» Data supplied
┄┄┄┄┄┄┄┄┄┄

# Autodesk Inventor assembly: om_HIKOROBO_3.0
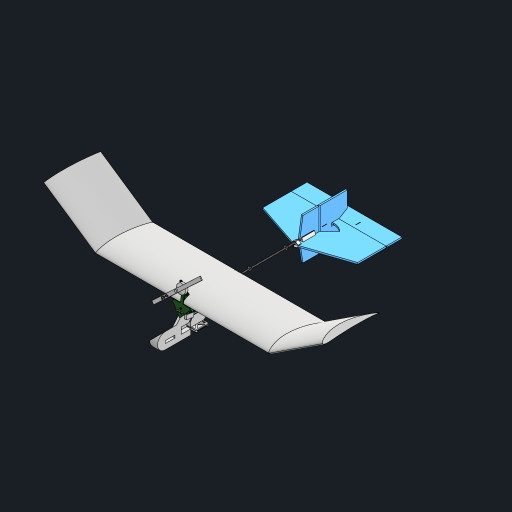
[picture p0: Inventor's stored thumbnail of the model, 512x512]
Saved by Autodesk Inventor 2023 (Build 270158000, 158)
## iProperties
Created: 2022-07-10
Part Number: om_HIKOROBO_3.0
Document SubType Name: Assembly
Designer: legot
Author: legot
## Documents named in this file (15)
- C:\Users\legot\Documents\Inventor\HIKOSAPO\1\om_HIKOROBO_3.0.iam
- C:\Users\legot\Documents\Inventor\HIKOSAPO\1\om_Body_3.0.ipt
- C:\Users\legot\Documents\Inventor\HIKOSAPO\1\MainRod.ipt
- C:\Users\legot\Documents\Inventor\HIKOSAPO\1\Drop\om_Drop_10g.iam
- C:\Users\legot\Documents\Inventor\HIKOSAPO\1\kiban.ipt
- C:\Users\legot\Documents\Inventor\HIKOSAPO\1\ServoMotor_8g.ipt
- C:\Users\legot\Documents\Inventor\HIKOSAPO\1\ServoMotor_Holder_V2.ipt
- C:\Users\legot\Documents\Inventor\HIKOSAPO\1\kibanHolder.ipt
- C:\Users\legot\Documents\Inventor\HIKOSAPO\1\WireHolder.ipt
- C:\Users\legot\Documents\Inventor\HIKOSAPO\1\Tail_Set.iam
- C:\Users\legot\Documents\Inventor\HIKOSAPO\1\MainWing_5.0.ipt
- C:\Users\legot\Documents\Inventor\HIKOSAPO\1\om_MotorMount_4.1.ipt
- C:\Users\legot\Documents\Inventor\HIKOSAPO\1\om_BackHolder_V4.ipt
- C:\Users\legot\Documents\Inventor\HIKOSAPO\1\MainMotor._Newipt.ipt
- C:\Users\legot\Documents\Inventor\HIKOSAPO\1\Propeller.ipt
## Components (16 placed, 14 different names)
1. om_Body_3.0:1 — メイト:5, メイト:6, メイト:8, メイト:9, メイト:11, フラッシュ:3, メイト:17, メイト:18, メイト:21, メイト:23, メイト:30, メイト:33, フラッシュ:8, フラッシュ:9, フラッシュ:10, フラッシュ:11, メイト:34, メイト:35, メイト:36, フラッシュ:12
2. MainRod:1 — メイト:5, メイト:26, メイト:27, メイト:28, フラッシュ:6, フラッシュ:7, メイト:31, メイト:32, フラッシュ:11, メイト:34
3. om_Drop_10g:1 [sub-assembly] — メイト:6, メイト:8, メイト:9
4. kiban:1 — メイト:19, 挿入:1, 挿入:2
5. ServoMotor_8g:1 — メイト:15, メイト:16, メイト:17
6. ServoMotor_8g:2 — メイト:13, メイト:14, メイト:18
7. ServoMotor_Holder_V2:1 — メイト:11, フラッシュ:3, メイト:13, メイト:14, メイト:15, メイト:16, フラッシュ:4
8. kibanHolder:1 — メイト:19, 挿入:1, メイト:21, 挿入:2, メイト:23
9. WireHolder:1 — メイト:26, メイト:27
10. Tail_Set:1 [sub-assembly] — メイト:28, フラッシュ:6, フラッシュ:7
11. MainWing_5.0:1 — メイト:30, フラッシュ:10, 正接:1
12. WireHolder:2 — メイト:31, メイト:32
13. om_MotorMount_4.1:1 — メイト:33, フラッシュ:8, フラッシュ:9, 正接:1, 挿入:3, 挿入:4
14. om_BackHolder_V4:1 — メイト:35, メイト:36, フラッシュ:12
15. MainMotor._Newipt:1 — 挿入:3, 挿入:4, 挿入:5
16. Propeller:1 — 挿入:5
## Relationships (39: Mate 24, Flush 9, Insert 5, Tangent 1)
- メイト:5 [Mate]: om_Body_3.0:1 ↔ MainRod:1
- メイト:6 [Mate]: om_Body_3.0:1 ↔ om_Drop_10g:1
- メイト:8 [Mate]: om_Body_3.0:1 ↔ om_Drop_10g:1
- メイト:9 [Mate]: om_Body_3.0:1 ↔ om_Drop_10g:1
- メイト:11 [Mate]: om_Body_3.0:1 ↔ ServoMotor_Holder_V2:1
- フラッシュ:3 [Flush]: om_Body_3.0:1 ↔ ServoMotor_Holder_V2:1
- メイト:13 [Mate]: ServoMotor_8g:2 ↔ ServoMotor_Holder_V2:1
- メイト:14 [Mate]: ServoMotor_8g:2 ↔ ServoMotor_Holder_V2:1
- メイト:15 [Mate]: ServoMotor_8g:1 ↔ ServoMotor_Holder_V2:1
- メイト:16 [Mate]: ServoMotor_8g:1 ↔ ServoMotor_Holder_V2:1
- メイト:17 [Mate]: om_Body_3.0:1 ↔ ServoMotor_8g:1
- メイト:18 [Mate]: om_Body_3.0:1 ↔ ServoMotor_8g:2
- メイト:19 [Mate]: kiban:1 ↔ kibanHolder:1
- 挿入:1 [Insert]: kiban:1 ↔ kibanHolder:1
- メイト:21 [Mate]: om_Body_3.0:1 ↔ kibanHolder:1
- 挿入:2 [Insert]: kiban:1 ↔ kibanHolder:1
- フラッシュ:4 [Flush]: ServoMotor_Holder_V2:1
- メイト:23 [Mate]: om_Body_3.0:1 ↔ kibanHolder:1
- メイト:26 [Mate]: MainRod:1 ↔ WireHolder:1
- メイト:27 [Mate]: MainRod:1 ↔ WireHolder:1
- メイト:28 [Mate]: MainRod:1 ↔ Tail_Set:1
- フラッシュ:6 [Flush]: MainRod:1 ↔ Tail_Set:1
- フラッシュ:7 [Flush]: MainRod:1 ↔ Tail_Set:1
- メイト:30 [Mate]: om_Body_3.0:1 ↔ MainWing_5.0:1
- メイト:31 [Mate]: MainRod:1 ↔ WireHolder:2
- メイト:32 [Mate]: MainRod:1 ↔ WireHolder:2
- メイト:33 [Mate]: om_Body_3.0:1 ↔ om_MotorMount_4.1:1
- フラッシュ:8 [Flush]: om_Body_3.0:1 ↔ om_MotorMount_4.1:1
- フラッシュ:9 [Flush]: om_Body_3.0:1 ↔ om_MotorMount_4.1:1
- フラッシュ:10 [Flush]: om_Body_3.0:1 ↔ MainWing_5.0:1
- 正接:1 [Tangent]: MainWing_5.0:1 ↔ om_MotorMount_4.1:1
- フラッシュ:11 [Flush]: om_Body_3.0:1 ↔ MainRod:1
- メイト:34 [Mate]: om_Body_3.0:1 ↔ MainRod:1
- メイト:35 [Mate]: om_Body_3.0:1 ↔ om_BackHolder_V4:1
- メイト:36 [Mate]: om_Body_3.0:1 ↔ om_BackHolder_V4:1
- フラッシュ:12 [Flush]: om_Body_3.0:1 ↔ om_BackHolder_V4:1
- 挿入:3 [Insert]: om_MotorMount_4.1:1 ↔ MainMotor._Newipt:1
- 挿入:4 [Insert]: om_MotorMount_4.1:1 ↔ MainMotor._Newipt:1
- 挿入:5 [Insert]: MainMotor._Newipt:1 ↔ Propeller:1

┄┄┄┄┄┄┄┄┄┄

» About this task
Only the count, no other text: how many lines in the listing above hold "Tangent"?

» Result of the task
2